Shareholders slam outgoing RBS boss
The outgoing chairman of the Royal Bank of Scotland (RBS) has been heavily criticised by shareholders at his final annual general meeting.
Sir Philip Hampton was lambasted over scandals including local authority loans and the treatment of small businesses, as well as local branch closures.
One shareholder, who is spearheading a damages case against the bank, said Sir Philip was leaving "a terrible legacy" behind.
The chairman said his six years at the head of the bank had been full of ups and downs, but he was sure he was leaving the lender in a stronger position.
The bank's Global Restructuring Group (GRG) is alleged to have pushed small businesses into administration to take control of their assets and sell them at a profit, which RBS denies.
Shareholder Neil Mitchell accused Sir Philip of failing to act on the issue, which he described as "the business PPI".
"GRG has become a massive risk to this bank going forward. After five years of your tenure, it is still a massive reputational risk," he said.
"This is a real issue about culture. You didn't listen to me 2010, in 2012 you pretended, you went through a sham of an investigation.

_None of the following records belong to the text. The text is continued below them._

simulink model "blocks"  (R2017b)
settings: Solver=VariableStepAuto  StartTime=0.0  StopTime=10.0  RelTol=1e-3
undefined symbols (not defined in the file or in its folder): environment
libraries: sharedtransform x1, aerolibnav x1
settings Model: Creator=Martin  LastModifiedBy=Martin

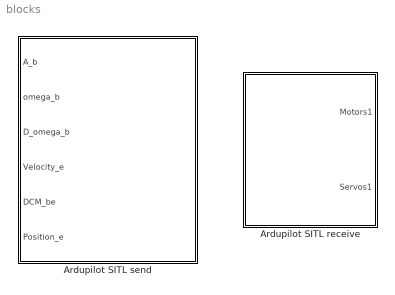
== system blocks ==
  Ardupilot SITL receive : Subsystem
  Ardupilot SITL send : Subsystem

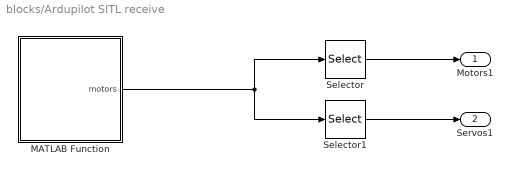
== system blocks/Ardupilot SITL receive ==
  MATLAB Function : MATLAB Function  TreatAsAtomicUnit=on  SystemSampleTime=0.02
  Selector : Selector  InputPortWidth=16  IndexOptions=Index vector (dialog)  Indices=sitl.output.motors  OutputSizes=1
  Selector1 : Selector  InputPortWidth=16  IndexOptions=Index vector (dialog)  Indices=sitl.output.servos  OutputSizes=1
  Motors1 : Outport
  Servos1 : Outport  Port=2
  wires:
  Selector1/1 -> Servos1/1
  Selector/1 -> Motors1/1
  MATLAB Function/1(motors) -> Selector1/1, Selector/1

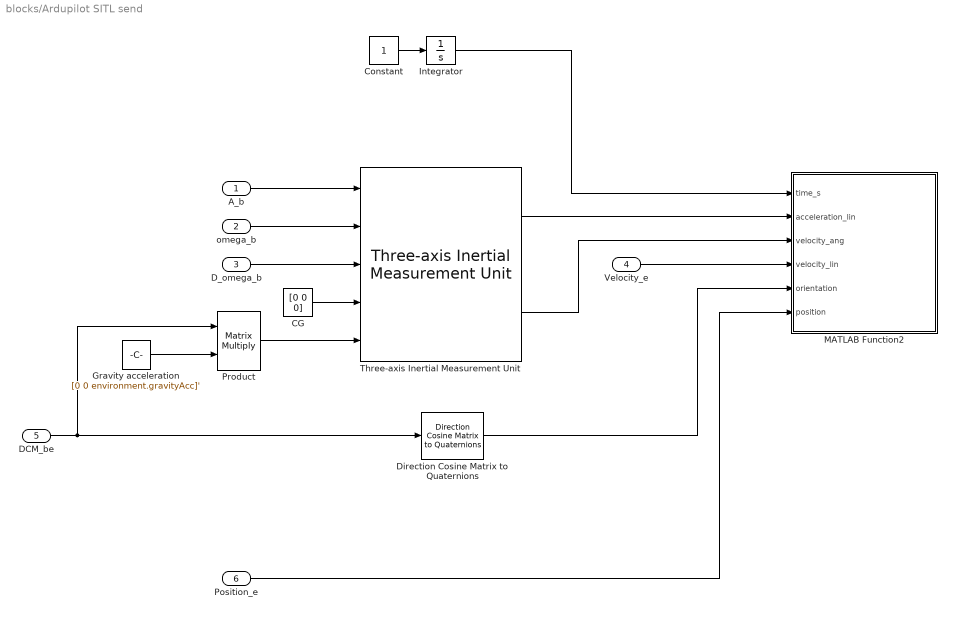
== system blocks/Ardupilot SITL send ==
  A_b : Inport
  omega_b : Inport  Port=2
  D_omega_b : Inport  Port=3
  Velocity_e : Inport  Port=4
  "DCM_be " : Inport  Port=5
  Position_e : Inport  Port=6
  CG : Constant  Value=[0 0 0]
  Constant : Constant
  Direction Cosine Matrix to Quaternions : sharedtransform/Direction Cosine Matrix  to Quaternions
      settings: SourceProductName=Aerospace Blockset  SourceProductBaseCode=AE
  Gravity acceleration : Constant  Value=[0 0 environment.gravityAcc]'
  Integrator : Integrator
  MATLAB Function2 : MATLAB Function  TreatAsAtomicUnit=on  SystemSampleTime=0.002
  Product : Product  Multiplication=Matrix(*)
  Three-axis Inertial Measurement Unit : aerolibnav/Three-axis Inertial Measurement Unit  units=Metric (MKS)  imu=[0 0 0]  i_Ts=0  dtype_a=off  w_a=190  z_a=0.707  a_sf_cc=[1 0 0; 0 1 0; 0 0 1]  a_bias=[0 0 0]  a_sat="[-inf  -inf  -inf  inf inf inf]"  dtype_g=off  w_g=190  z_g=0.707  g_sf_cc=[1 0 0; 0 1 0; 0 0 1]  g_bias=[0 0 0]  g_sens=[0 0 0]  g_sat="[-inf  -inf  -inf  inf inf inf]"  i_rand=off  i_seeds=[23093 23094 23095 23096 23097 23098]  i_pow=[0.001 0.001 0.001 0.0001 0.0001 0.0001]
  wires:
  omega_b/1 -> Three-axis Inertial Measurement Unit/2
  A_b/1 -> Three-axis Inertial Measurement Unit/1
  Constant/1 -> Integrator/1
  Integrator/1 -> MATLAB Function2/1(time_s)
  Position_e/1 -> MATLAB Function2/6(position)
  Velocity_e/1 -> MATLAB Function2/4(velocity_lin)
  CG/1 -> Three-axis Inertial Measurement Unit/4
  D_omega_b/1 -> Three-axis Inertial Measurement Unit/3
  Three-axis Inertial Measurement Unit/1 -> MATLAB Function2/2(acceleration_lin)
  Three-axis Inertial Measurement Unit/2 -> MATLAB Function2/3(velocity_ang)
  "DCM_be "/1 -> Direction Cosine Matrix to Quaternions/1, Product/1
  Direction Cosine Matrix to Quaternions/1 -> MATLAB Function2/5(orientation)
  Gravity acceleration/1 -> Product/2
  Product/1 -> Three-axis Inertial Measurement Unit/5

== matlab function blocks/Ardupilot SITL receive/MATLAB Function ==
  data: motors output
function motors = fcn()
motors = zeros(16 ,1);
coder.extrinsic('-sync:on','simReceive');
motors = simReceive();
end

== matlab function blocks/Ardupilot SITL send/MATLAB Function2 ==
  data: time_s input; acceleration_lin input; velocity_ang input; velocity_lin input; orientation input; position input
function fcn(time_s, acceleration_lin, velocity_ang, velocity_lin, orientation, position)
coder.extrinsic('-sync:on','simSend');
simSend(time_s, velocity_ang, velocity_lin, acceleration_lin, orientation, position);

"The RBS business banking reputation has been trashed."
He added: "It is a terrible legacy you leave behind. I hope that when you leave this bank, that had you taken action five years ago, a lot less damage would have been done to this bank - particularly in business and corporate banking."
Sir Philip said there had been an investigation into GRG, as he refuted claims of "systematic failings".
Shareholders also raised the issue of Lender Option Borrower Option (LOBO) loans to local councils.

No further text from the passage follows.